Dryer vent discharge?


----------



## MootsNYC (Dec 19, 2013)

I encountered something along those lines once in a rigged house and it was an over flow that went directly into the floor drain.. guy was too cheap to replace the fill valve and then another management company took over and we were called.


----------



## Pacificpipes (Oct 1, 2013)

Toilet water recirc line it just takes the poo out and pumps the old water back in.


----------



## SSP (Dec 14, 2013)

What part of the globe did you find this? European innovation? Where does the flex drain go? 
Might be an early water saving invention... patent pending maybe?
I haven't seen this before but i have a couple guesses;

It could be a volume control device implemented to decrease water volume used per flush in an attempt to increase water usage efficiency

A Bowl priming device used to restore the water level in a toilet bowl

Or an additional overflow safety as said by others, but that seems unlikely since drilling a drain into porcelain is way harder than replacing the internal components .. 

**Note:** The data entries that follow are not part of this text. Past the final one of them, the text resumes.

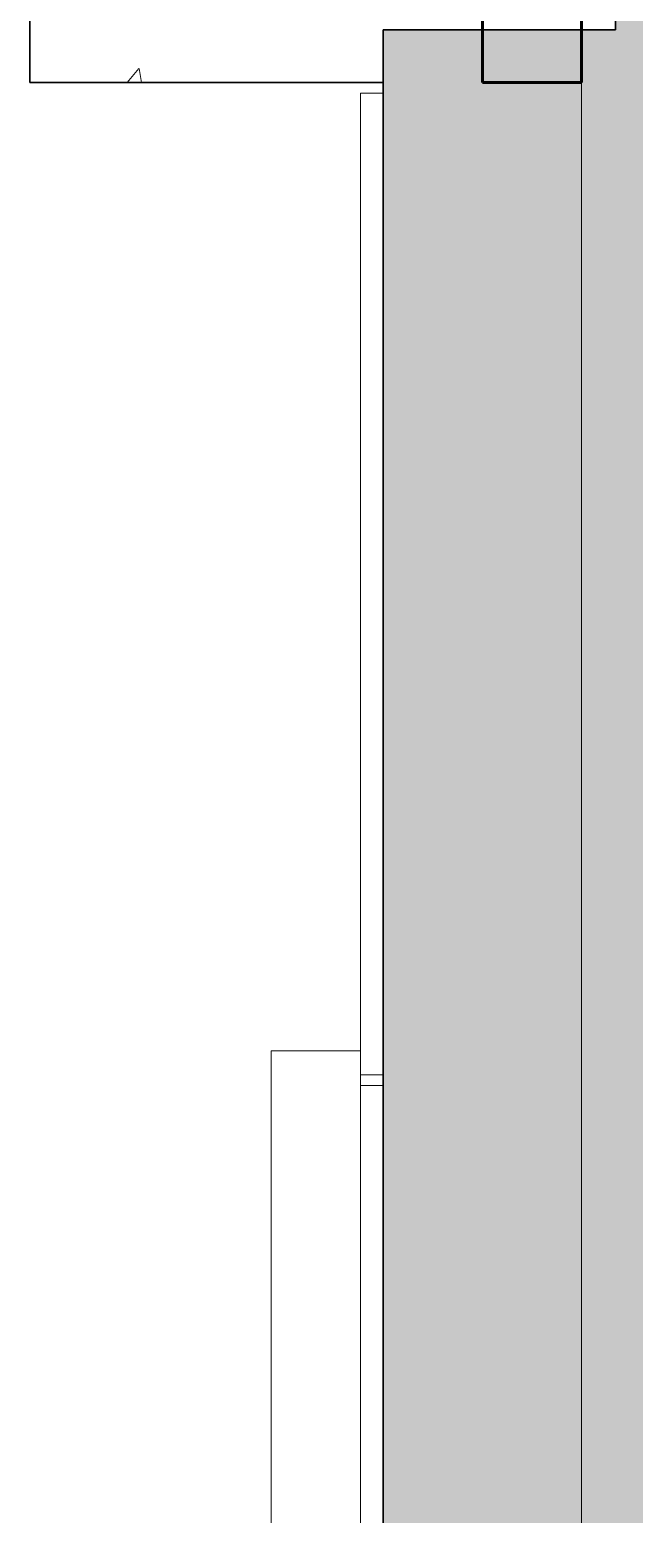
# Model space of a CAD drawing. Header units: millimetres. Extents: x 155927 to 326028, y -36033 to 97293.
# Drawn here: x 155927 to 156840, y 11401 to 13646 of the extents above; entities that cross this region are included whole.
import ezdxf

# ---------------------------------------------------------------- set-up
doc = ezdxf.new("R2010")
doc.units = ezdxf.units.MM
doc.header["$MEASUREMENT"] = 0
for name, color, linetype, lineweight in [('A-GLAZ', 7, 'CONTINUOUS', 9), ('A-GLAZ-CURT', 7, 'CONTINUOUS', 9), ('A-WALL', 7, 'CONTINUOUS', 9), ('A-WALL-PATT', 7, 'CONTINUOUS', 9), ('I-WALL', 7, 'CONTINUOUS', 9), ('Q-SPCQ', 8, 'CONTINUOUS', 9), ('S-COLS-SYMB', 7, 'CONTINUOUS', 70)]:
    doc.layers.add(name, color=color, linetype=linetype, lineweight=lineweight)

msp = doc.modelspace()

# ---------------------------------------------------------------- hatches: boundary and pattern name
at = {"layer": 'A-WALL-PATT'}
h = msp.add_hatch(color=256, dxfattribs=at)
h.paths.add_polyline_path([(156760.8, 9267.6), (156760.8, 13645.6), (156460.8, 13645.6), (156460.8, 9267.6)], flags=0)
h.paths.add_polyline_path([(156760.8, 14969.6), (156760.8, 16290.6), (156460.8, 16290.6), (156460.8, 14969.6), (156756.4, 14969.6)], flags=0)
h.paths.add_polyline_path([(156760.8, 25449.6), (156760.8, 26790.6), (156460.8, 26790.6), (156460.8, 25449.6)], flags=0)
h.paths.add_polyline_path([(156760.8, 28449.6), (156760.8, 34497.6), (156460.8, 34497.6), (156460.8, 28449.6)], flags=0)
h = msp.add_hatch(color=256, dxfattribs=at)
h.paths.add_polyline_path([(156862.8, 9267.6), (156862.8, 13665.6), (156812, 13665.6), (156811.8, 13645.6), (156760.8, 13645.6), (156760.8, 9267.6)], flags=0)
h.paths.add_polyline_path([(156812, 14949.6), (156862.8, 14949.6), (156862.8, 16290.6), (156760.8, 16290.6), (156760.8, 14969.6), (156811.8, 14969.6)], flags=0)
h.paths.add_polyline_path([(156760.8, 25449.6), (156862.8, 25449.6), (156862.8, 26532.6), (156760.8, 26532.6), (156760.8, 26195.7)], flags=0)

# ---------------------------------------------------------------- linework, layer by layer
at = {"layer": 'A-GLAZ', "lineweight": 30}
for p, q in [((155926.8, 13665.6), (155926.8, 13565.6)), ((156811.8, 13645.6), (156812, 13665.6)), ((156460.8, 13565.6), (156460.8, 13645.6)), ((156460.8, 13645.6), (156811.8, 13645.6)), ((155926.8, 13565.6), (156460.8, 13565.6))]:
    msp.add_line(p, q, dxfattribs=at)
at = {"layer": 'A-GLAZ', "linetype": 'Continuous'}
for p, q in [((156074, 13565.6), (156091.8, 13586.8)), ((156095.9, 13565.6), (156092, 13586.7))]:
    msp.add_line(p, q, dxfattribs=at)
at = {"layer": 'A-GLAZ-CURT', "lineweight": 20}
for p, q in [((156426.8, 13549.6), (156426.8, 12102.1)), ((156460.8, 13549.6), (156426.8, 13549.6)), ((156460.8, 12065.6), (156460.8, 13549.6)), ((156426.8, 12065.6), (156460.8, 12065.6)), ((156460.8, 12049.6), (156426.8, 12049.6)), ((156460.8, 8969.6), (156460.8, 12049.6))]:
    msp.add_line(p, q, dxfattribs=at)
at = {"layer": 'A-WALL'}
msp.add_line((156760.8, 9267.6), (156760.8, 13645.6), dxfattribs=at)
at = {"layer": 'A-WALL', "lineweight": 30}
msp.add_line((156460.8, 13565.6), (156460.8, 9267.6), dxfattribs=at)
at = {"layer": 'I-WALL'}
msp.add_line((156760.8, 13645.6), (156760.8, 9267.6), dxfattribs=at)
at = {"layer": 'Q-SPCQ'}
for p, q in [((156291.8, 10513.1), (156291.8, 12102.1)), ((156426.8, 12102.1), (156291.8, 12102.1)), ((156426.8, 12102.1), (156426.8, 10513.1))]:
    msp.add_line(p, q, dxfattribs=at)
at = {"layer": 'S-COLS-SYMB', "lineweight": 60}
for p, q in [((156610.8, 13665.6), (156610.8, 13565.6)), ((156760.8, 13665.6), (156760.8, 13565.6)), ((156610.8, 13565.6), (156760.8, 13565.6))]:
    msp.add_line(p, q, dxfattribs=at)

doc.saveas('drawing.dxf')

Odour control device? I would really like to know now!


----------



## luv2plum (May 16, 2012)

It looks like something manufactured into the toilet as opposed to something rigged up by someone, since the tank has an odd hump in the centre of the casting. This is in Ontario, Canada.thanks for the help!


----------



## wyrickmech (Mar 16, 2013)

luv2plum said:


> It looks like something manufactured into the toilet as opposed to something rigged up by someone, since the tank has an odd hump in the centre of the casting. This is in Ontario, Canada.thanks for the help!


 it almost looks like there using the toilet as a lint trap!


----------



## dclark (Dec 12, 2010)

*Ventex toilet*

Air exhaust fitting

No, really


----------



## SSP (Dec 14, 2013)

Yeah its probably a vent system to reduce odours, special order stuff.

look up TBES toilet bowl exhaust systems


----------



## Best Darn Sewer (Dec 23, 2012)

I agree^^


----------



## Hoosier Plumber (Nov 28, 2013)

SSP said:


> Yeah its probably a vent system to reduce odours, special order stuff. look up TBES toilet bowl exhaust systems


While I'm not familiar with TBES I would agree now that I've seen this other picture. With a vent tied into the bowl and your ass blocking off the air it would make sense that a vent would work.


----------



## Best Darn Sewer (Dec 23, 2012)

Its the updated version of the behemoth American Standard Vent-away toilet. This seems much simpler and less expensive.


----------



## PLUMBER_BILL (Oct 23, 2009)

luv2plum said:


> It looks like something manufactured into the toilet as opposed to something rigged up by someone, since the tank has an odd hump in the centre of the casting. This is in Ontario, Canada.thanks for the help!


WTF guys it looks just like a refill tube should and it goes just were it should picture on #11 Am I missing something? Years ago Crane had a china seat and a china refill in the tank. The flapper had a styrofoam insert in the rubber and the slot in the rubber fit on a post.

That thing in the back of the tank looks like a block of wood to keep the tank from moving back.

OK I looked at the first picture again .... Now I see what your talking about.


----------



## MTDUNN (Oct 9, 2011)

Take a pic of the front


----------



## Cal (Jun 17, 2008)

It's leaking too. Just sayin ,,,,


----------



## 6th Density (Nov 29, 2010)

Wow!

Must be the new craze! Why have one overflow drain when you can have 2 for 10 times the price!
At least you can sleep good at night!

Thanks for the pic!:yes:


----------



## Turd Chaser (Dec 1, 2011)

luv2plum said:


> PS, the toilet is a "Western".


PS, replace it


----------



## gasaman (Oct 19, 2009)

30 yrs in the trade, that's a first for me.....
Is it a Canadian thing?


----------



## JAraiza (May 7, 2012)

That's a freckin thingy that goes into the freckin thingy and it fricks it self. Just sayin. #goldrush


----------